WHAT THIS TASK INVOLVES: Find every line of the records that has "Plot" and return it.

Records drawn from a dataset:

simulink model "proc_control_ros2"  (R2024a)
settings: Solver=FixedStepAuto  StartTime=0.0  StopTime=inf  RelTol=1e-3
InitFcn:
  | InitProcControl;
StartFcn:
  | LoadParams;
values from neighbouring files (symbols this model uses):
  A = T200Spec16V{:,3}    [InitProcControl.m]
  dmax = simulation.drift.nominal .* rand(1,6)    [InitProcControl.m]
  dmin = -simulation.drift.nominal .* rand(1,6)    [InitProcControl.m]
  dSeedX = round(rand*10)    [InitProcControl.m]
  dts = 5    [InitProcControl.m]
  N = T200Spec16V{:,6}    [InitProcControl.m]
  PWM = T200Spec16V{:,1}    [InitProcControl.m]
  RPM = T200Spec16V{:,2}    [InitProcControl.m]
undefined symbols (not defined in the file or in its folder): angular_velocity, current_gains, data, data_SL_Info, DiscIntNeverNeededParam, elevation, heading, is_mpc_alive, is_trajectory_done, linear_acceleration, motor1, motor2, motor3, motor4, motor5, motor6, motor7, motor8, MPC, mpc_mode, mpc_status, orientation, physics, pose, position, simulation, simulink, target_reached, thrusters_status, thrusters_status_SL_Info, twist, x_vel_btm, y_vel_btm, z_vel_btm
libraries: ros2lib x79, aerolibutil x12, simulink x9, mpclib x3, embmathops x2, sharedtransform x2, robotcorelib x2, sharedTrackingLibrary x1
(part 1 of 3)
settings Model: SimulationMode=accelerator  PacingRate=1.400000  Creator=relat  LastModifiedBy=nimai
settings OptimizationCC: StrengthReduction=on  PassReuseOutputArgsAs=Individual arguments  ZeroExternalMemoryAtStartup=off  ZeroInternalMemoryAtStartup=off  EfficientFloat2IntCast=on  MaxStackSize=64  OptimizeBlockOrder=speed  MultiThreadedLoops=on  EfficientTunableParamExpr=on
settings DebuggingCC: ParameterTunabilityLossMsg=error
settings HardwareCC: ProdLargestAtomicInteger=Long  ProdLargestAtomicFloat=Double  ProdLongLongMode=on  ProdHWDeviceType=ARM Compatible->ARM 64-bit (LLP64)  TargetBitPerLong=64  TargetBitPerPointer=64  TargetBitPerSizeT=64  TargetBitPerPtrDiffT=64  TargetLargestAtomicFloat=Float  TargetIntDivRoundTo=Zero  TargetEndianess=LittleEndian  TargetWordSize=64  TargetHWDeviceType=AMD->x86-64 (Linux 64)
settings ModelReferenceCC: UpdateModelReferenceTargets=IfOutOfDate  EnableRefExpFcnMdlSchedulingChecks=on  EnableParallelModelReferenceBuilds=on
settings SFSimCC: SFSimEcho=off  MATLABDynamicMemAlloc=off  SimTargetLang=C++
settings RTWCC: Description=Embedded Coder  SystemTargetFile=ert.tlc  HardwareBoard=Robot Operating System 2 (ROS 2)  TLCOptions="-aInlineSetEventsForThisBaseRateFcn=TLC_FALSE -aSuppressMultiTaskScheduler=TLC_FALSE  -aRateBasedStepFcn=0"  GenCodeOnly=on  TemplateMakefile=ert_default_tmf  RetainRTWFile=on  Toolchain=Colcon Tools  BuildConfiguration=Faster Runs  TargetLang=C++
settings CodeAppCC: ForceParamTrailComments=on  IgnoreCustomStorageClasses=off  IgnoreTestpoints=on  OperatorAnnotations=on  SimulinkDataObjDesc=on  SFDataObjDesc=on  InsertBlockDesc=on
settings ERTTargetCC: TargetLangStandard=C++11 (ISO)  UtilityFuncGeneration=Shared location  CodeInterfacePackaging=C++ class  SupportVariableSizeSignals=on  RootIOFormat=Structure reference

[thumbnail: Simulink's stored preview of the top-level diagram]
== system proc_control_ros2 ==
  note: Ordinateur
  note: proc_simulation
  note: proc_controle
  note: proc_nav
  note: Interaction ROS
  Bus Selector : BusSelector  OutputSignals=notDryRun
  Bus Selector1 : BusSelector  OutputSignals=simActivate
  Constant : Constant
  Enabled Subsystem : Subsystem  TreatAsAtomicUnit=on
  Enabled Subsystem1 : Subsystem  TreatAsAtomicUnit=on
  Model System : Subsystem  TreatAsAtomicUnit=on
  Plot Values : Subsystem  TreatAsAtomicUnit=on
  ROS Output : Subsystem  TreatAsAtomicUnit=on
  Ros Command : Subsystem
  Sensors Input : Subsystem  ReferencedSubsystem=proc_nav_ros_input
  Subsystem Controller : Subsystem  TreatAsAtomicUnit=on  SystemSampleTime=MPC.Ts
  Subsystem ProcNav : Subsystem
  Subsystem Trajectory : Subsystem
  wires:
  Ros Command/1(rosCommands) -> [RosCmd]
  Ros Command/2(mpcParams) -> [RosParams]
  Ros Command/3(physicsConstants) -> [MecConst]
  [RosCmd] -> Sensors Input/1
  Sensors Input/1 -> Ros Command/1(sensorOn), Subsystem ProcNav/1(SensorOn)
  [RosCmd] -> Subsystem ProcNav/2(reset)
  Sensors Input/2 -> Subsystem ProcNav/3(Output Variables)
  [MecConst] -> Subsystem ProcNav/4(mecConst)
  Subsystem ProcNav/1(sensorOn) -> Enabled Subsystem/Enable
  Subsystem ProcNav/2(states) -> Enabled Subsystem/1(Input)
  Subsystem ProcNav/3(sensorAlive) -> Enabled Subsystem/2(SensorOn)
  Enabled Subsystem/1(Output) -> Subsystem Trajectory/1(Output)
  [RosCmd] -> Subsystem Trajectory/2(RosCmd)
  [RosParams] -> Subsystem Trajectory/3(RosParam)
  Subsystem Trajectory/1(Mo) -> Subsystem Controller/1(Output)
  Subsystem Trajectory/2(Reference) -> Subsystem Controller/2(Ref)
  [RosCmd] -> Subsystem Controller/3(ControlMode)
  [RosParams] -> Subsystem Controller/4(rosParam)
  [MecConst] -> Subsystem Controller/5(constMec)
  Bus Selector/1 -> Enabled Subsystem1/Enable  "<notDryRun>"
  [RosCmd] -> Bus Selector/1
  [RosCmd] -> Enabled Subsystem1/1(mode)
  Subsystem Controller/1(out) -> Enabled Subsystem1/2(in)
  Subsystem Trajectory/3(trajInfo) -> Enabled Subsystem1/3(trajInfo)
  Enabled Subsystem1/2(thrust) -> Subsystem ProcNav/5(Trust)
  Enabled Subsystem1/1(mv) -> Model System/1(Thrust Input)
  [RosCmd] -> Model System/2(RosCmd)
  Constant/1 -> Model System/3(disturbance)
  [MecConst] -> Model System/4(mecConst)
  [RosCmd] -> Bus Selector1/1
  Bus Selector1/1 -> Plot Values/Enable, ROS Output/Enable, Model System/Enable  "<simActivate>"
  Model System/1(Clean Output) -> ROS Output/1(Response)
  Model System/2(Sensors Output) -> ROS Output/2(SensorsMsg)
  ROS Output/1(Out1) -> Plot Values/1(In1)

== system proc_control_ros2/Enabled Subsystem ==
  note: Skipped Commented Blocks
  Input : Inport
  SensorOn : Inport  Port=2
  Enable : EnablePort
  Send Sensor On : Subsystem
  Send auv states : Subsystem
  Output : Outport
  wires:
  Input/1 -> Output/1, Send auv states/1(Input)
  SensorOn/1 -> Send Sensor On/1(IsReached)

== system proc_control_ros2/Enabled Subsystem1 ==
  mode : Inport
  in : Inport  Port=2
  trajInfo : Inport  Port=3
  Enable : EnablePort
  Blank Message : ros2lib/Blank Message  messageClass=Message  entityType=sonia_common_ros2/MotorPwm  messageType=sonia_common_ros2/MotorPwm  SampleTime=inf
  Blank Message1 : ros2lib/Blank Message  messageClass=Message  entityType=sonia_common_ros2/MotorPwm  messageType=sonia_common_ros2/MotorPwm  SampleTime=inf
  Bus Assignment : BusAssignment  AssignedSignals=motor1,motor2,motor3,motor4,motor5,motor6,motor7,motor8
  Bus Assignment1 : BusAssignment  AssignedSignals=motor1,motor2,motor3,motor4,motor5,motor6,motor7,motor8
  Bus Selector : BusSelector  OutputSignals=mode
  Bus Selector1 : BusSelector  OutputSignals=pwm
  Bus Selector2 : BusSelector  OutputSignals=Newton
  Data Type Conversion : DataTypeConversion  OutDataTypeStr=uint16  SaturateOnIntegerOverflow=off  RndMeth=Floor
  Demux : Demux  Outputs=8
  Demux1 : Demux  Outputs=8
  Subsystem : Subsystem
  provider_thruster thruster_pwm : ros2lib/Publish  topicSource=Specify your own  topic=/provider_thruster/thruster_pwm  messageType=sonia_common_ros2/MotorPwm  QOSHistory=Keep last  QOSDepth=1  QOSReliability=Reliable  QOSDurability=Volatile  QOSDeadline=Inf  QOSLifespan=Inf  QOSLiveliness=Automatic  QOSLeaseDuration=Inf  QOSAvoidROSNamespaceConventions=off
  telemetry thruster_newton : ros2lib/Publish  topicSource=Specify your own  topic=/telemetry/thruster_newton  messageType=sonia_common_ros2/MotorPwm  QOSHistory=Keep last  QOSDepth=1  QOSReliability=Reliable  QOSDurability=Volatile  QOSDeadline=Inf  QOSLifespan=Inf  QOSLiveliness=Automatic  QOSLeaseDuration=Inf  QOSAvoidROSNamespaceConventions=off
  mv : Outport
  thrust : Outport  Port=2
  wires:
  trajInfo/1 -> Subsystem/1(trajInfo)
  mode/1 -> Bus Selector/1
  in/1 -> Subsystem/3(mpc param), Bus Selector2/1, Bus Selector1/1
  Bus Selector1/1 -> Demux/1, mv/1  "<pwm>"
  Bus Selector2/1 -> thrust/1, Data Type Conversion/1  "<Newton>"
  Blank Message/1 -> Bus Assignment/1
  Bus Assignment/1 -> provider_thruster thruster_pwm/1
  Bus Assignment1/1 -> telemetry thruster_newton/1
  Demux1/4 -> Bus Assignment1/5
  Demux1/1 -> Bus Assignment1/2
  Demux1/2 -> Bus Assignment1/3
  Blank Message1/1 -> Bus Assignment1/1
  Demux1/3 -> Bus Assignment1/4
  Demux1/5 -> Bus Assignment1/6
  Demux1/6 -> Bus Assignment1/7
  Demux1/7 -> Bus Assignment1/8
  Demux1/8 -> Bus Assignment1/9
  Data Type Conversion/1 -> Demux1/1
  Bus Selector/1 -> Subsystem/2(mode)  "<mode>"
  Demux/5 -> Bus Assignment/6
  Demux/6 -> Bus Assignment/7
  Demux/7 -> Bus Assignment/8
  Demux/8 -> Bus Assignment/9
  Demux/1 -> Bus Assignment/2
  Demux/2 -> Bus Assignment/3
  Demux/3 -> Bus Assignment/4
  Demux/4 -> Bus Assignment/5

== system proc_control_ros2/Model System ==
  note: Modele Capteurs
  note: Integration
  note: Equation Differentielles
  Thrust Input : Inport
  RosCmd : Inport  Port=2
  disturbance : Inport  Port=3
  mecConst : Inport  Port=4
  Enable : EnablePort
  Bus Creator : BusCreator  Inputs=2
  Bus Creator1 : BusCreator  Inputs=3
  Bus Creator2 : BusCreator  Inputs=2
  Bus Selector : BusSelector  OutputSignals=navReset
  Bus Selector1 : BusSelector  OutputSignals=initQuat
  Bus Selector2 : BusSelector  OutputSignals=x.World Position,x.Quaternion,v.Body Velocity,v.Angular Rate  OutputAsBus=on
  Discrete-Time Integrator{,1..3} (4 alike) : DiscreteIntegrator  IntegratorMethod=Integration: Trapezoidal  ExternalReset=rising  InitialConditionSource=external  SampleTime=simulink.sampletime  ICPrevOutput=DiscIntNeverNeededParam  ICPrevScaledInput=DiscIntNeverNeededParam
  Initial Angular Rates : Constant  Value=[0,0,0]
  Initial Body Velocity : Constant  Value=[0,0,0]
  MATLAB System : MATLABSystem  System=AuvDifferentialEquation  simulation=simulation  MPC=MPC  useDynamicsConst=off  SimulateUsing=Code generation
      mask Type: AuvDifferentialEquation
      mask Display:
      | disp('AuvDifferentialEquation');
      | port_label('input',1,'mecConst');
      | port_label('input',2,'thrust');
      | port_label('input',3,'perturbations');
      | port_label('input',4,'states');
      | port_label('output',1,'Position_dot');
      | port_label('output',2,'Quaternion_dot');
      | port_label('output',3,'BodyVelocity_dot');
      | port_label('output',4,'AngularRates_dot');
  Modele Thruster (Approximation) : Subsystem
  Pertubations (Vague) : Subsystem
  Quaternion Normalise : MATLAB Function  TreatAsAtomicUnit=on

RESULT BELOW:
  Plot Values : Subsystem  TreatAsAtomicUnit=on
  Bus Selector1/1 -> Plot Values/Enable, ROS Output/Enable, Model System/Enable  "<simActivate>"
  ROS Output/1(Out1) -> Plot Values/1(In1)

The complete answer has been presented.